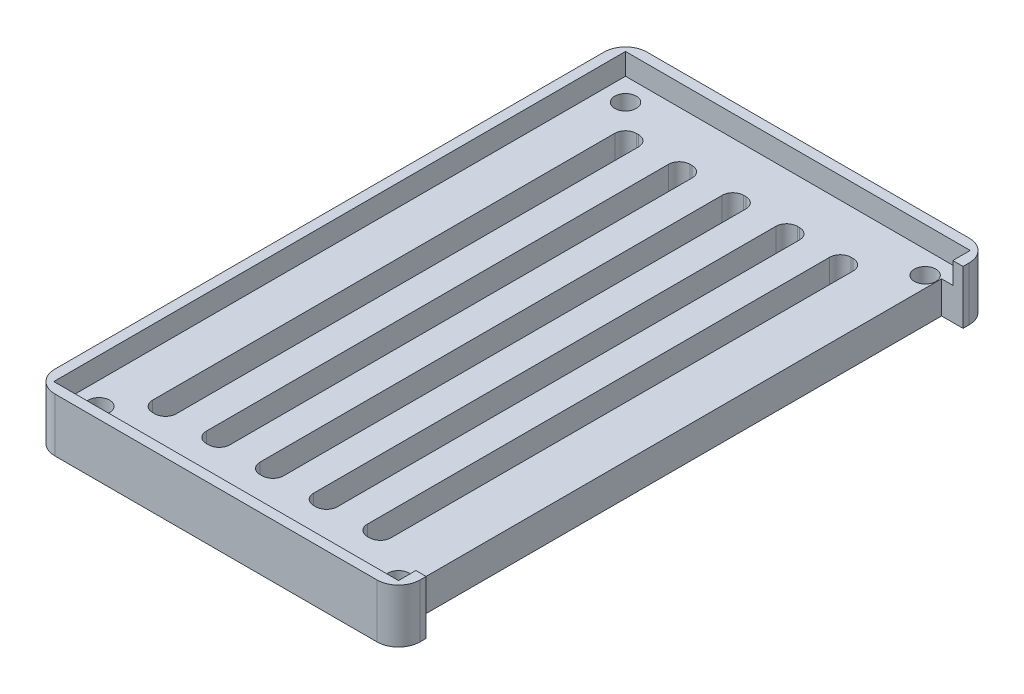
from build123d import *

# Parameters (mm, degrees)
SKETCH_1_W          = 34
SKETCH_1_H          = 55.14
EXTRUDE_1_DEPTH     = 5
SKETCH_2_W          = 32.1
SKETCH_2_H          = 53.24
CUT_EXTRUDE_1_DEPTH = 2
SKETCH_3_W          = 50
SKETCH_3_H          = 10
CUT_EXTRUDE_2_DEPTH = 2
FILLET_3_R          = 2
FILLET_4_R          = 2
FILLET_5_R          = 2
FILLET_6_R          = 2
SKETCH_5_R          = 1
CUT_EXTRUDE_3_DEPTH = 5
CUT_EXTRUDE_5_DEPTH = 5


with BuildPart() as part:
    # 草图1 → 凸台-拉伸1 (new body)
    with BuildSketch(Plane(origin=(0, 0, 0), x_dir=(1, 0, 0), z_dir=(0, 1, 0))):
        with Locations((17, 27.57)):
            Rectangle(SKETCH_1_W, SKETCH_1_H)
    extrude(amount=EXTRUDE_1_DEPTH)

    # 草图2 → 切除-拉伸1 (cut)
    with BuildSketch(Plane(origin=(0, 5, 0), x_dir=(1, 0, 0), z_dir=(0, 1, 0))):
        with Locations((17, 27.57)):
            Rectangle(SKETCH_2_W, SKETCH_2_H)
    extrude(amount=-CUT_EXTRUDE_1_DEPTH, mode=Mode.SUBTRACT)

    # 草图3 → 切除-拉伸2 (cut)
    with BuildSketch(Plane(origin=(34, 0, 0), x_dir=(0, 0, -1), z_dir=(1, 0, 0))):
        with Locations((27.57, 5)):
            Rectangle(SKETCH_3_W, SKETCH_3_H)
    extrude(amount=-CUT_EXTRUDE_2_DEPTH, mode=Mode.SUBTRACT)

    # 圆角3
    fillet_3_edges = [part.edges().sort_by_distance(p)[0] for p in [
        (0, 2.5, 0),
    ]]
    fillet(fillet_3_edges, radius=FILLET_3_R)

    # 圆角4
    fillet_4_edges = [part.edges().sort_by_distance(p)[0] for p in [
        (0, 2.5, -55.14),
    ]]
    fillet(fillet_4_edges, radius=FILLET_4_R)

    # 圆角5
    fillet_5_edges = [part.edges().sort_by_distance(p)[0] for p in [
        (34, 2.5, -55.14),
    ]]
    fillet(fillet_5_edges, radius=FILLET_5_R)

    # 圆角6
    fillet_6_edges = [part.edges().sort_by_distance(p)[0] for p in [
        (34, 2.5, 0),
    ]]
    fillet(fillet_6_edges, radius=FILLET_6_R)

    # 草图5 → 切除-拉伸3 (cut)
    with BuildSketch(Plane(origin=(0, 3, 0), x_dir=(1, 0, 0), z_dir=(0, 1, 0))):
        with Locations(Location((3.05, 52.09, 0), (0, 0, 270))):
            Circle(SKETCH_5_R)
        with Locations(Location((3.05, 3.05, 0), (0, 0, 90))):
            Circle(SKETCH_5_R)
        with Locations(Location((30.95, 3.05, 0), (0, 0, 270))):
            Circle(SKETCH_5_R)
        with Locations(Location((30.95, 52.09, 0), (0, 0, 90))):
            Circle(SKETCH_5_R)
    extrude(amount=-CUT_EXTRUDE_3_DEPTH, mode=Mode.SUBTRACT)

    # 草图6 → 切除-拉伸5 (cut)
    with BuildSketch(Plane(origin=(0, 3, 0), x_dir=(1, 0, 0), z_dir=(0, 1, 0))):
        with BuildLine():
            ThreePointArc((5.05, 49.09), (5.342893219, 49.797106781), (6.05, 50.09))
            Line((6.05, 50.09), (6.254717451, 50.09))
            ThreePointArc((6.254717451, 50.09), (6.961824232, 49.797106781), (7.254717451, 49.09))
            Line((7.254717451, 49.09), (7.254717451, 6.05))
            ThreePointArc((7.254717451, 6.05), (6.961824232, 5.342893219), (6.254717451, 5.05))
            Line((6.254717451, 5.05), (6.05, 5.05))
            ThreePointArc((6.05, 5.05), (5.342893219, 5.342893219), (5.05, 6.05))
            Line((5.05, 6.05), (5.05, 49.09))
        make_face()
        with BuildLine():
            ThreePointArc((10.05, 49.09), (10.342893219, 49.797106781), (11.05, 50.09))
            Line((11.05, 50.09), (11.254717451, 50.09))
            ThreePointArc((11.254717451, 50.09), (11.961824232, 49.797106781), (12.254717451, 49.09))
            Line((12.254717451, 49.09), (12.254717451, 6.05))
            ThreePointArc((12.254717451, 6.05), (11.961824232, 5.342893219), (11.254717451, 5.05))
            Line((11.254717451, 5.05), (11.05, 5.05))
            ThreePointArc((11.05, 5.05), (10.342893219, 5.342893219), (10.05, 6.05))
            Line((10.05, 6.05), (10.05, 49.09))
        make_face()
        with BuildLine():
            ThreePointArc((20.05, 49.09), (20.342893219, 49.797106781), (21.05, 50.09))
            Line((21.05, 50.09), (21.254717451, 50.09))
            ThreePointArc((21.254717451, 50.09), (21.961824232, 49.797106781), (22.254717451, 49.09))
            Line((22.254717451, 49.09), (22.254717451, 6.05))
            ThreePointArc((22.254717451, 6.05), (21.961824232, 5.342893219), (21.254717451, 5.05))
            Line((21.254717451, 5.05), (21.05, 5.05))
            ThreePointArc((21.05, 5.05), (20.342893219, 5.342893219), (20.05, 6.05))
            Line((20.05, 6.05), (20.05, 49.09))
        make_face()
        with BuildLine():
            ThreePointArc((26.05, 5.05), (25.342893219, 5.342893219), (25.05, 6.05))
            Line((25.05, 6.05), (25.05, 49.09))
            ThreePointArc((25.05, 49.09), (25.342893219, 49.797106781), (26.05, 50.09))
            Line((26.05, 50.09), (26.254717451, 50.09))
            ThreePointArc((26.254717451, 50.09), (26.961824232, 49.797106781), (27.254717451, 49.09))
            Line((27.254717451, 49.09), (27.254717451, 6.05))
            ThreePointArc((27.254717451, 6.05), (26.961824232, 5.342893219), (26.254717451, 5.05))
            Line((26.254717451, 5.05), (26.05, 5.05))
        make_face()
        with BuildLine():
            Line((15.05, 49.09), (15.05, 6.05))
            ThreePointArc((15.05, 6.05), (15.342893219, 5.342893219), (16.05, 5.05))
            Line((16.05, 5.05), (16.254717451, 5.05))
            ThreePointArc((16.254717451, 5.05), (16.961824232, 5.342893219), (17.254717451, 6.05))
            Line((17.254717451, 6.05), (17.254717451, 49.09))
            ThreePointArc((17.254717451, 49.09), (16.961824232, 49.797106781), (16.254717451, 50.09))
            Line((16.254717451, 50.09), (16.05, 50.09))
            ThreePointArc((16.05, 50.09), (15.342893219, 49.797106781), (15.05, 49.09))
        make_face()
    extrude(amount=-CUT_EXTRUDE_5_DEPTH, mode=Mode.SUBTRACT)


solid = part.part

§

◆ TRY IT
Among the records above, a stretch begins at the line containing "fillet(fillet_3_edges, radius=FILLET_3_R)" and ends at the line containing "fillet_6_edges = [part.edges().sort_by_distance(p)[0]". Restate that stretch word for word, and nothing else.

◆ YOUR RESPONSE
    fillet(fillet_3_edges, radius=FILLET_3_R)

    # 圆角4
    fillet_4_edges = [part.edges().sort_by_distance(p)[0] for p in [
        (0, 2.5, -55.14),
    ]]
    fillet(fillet_4_edges, radius=FILLET_4_R)

    # 圆角5
    fillet_5_edges = [part.edges().sort_by_distance(p)[0] for p in [
        (34, 2.5, -55.14),
    ]]
    fillet(fillet_5_edges, radius=FILLET_5_R)

    # 圆角6
    fillet_6_edges = [part.edges().sort_by_distance(p)[0] for p in [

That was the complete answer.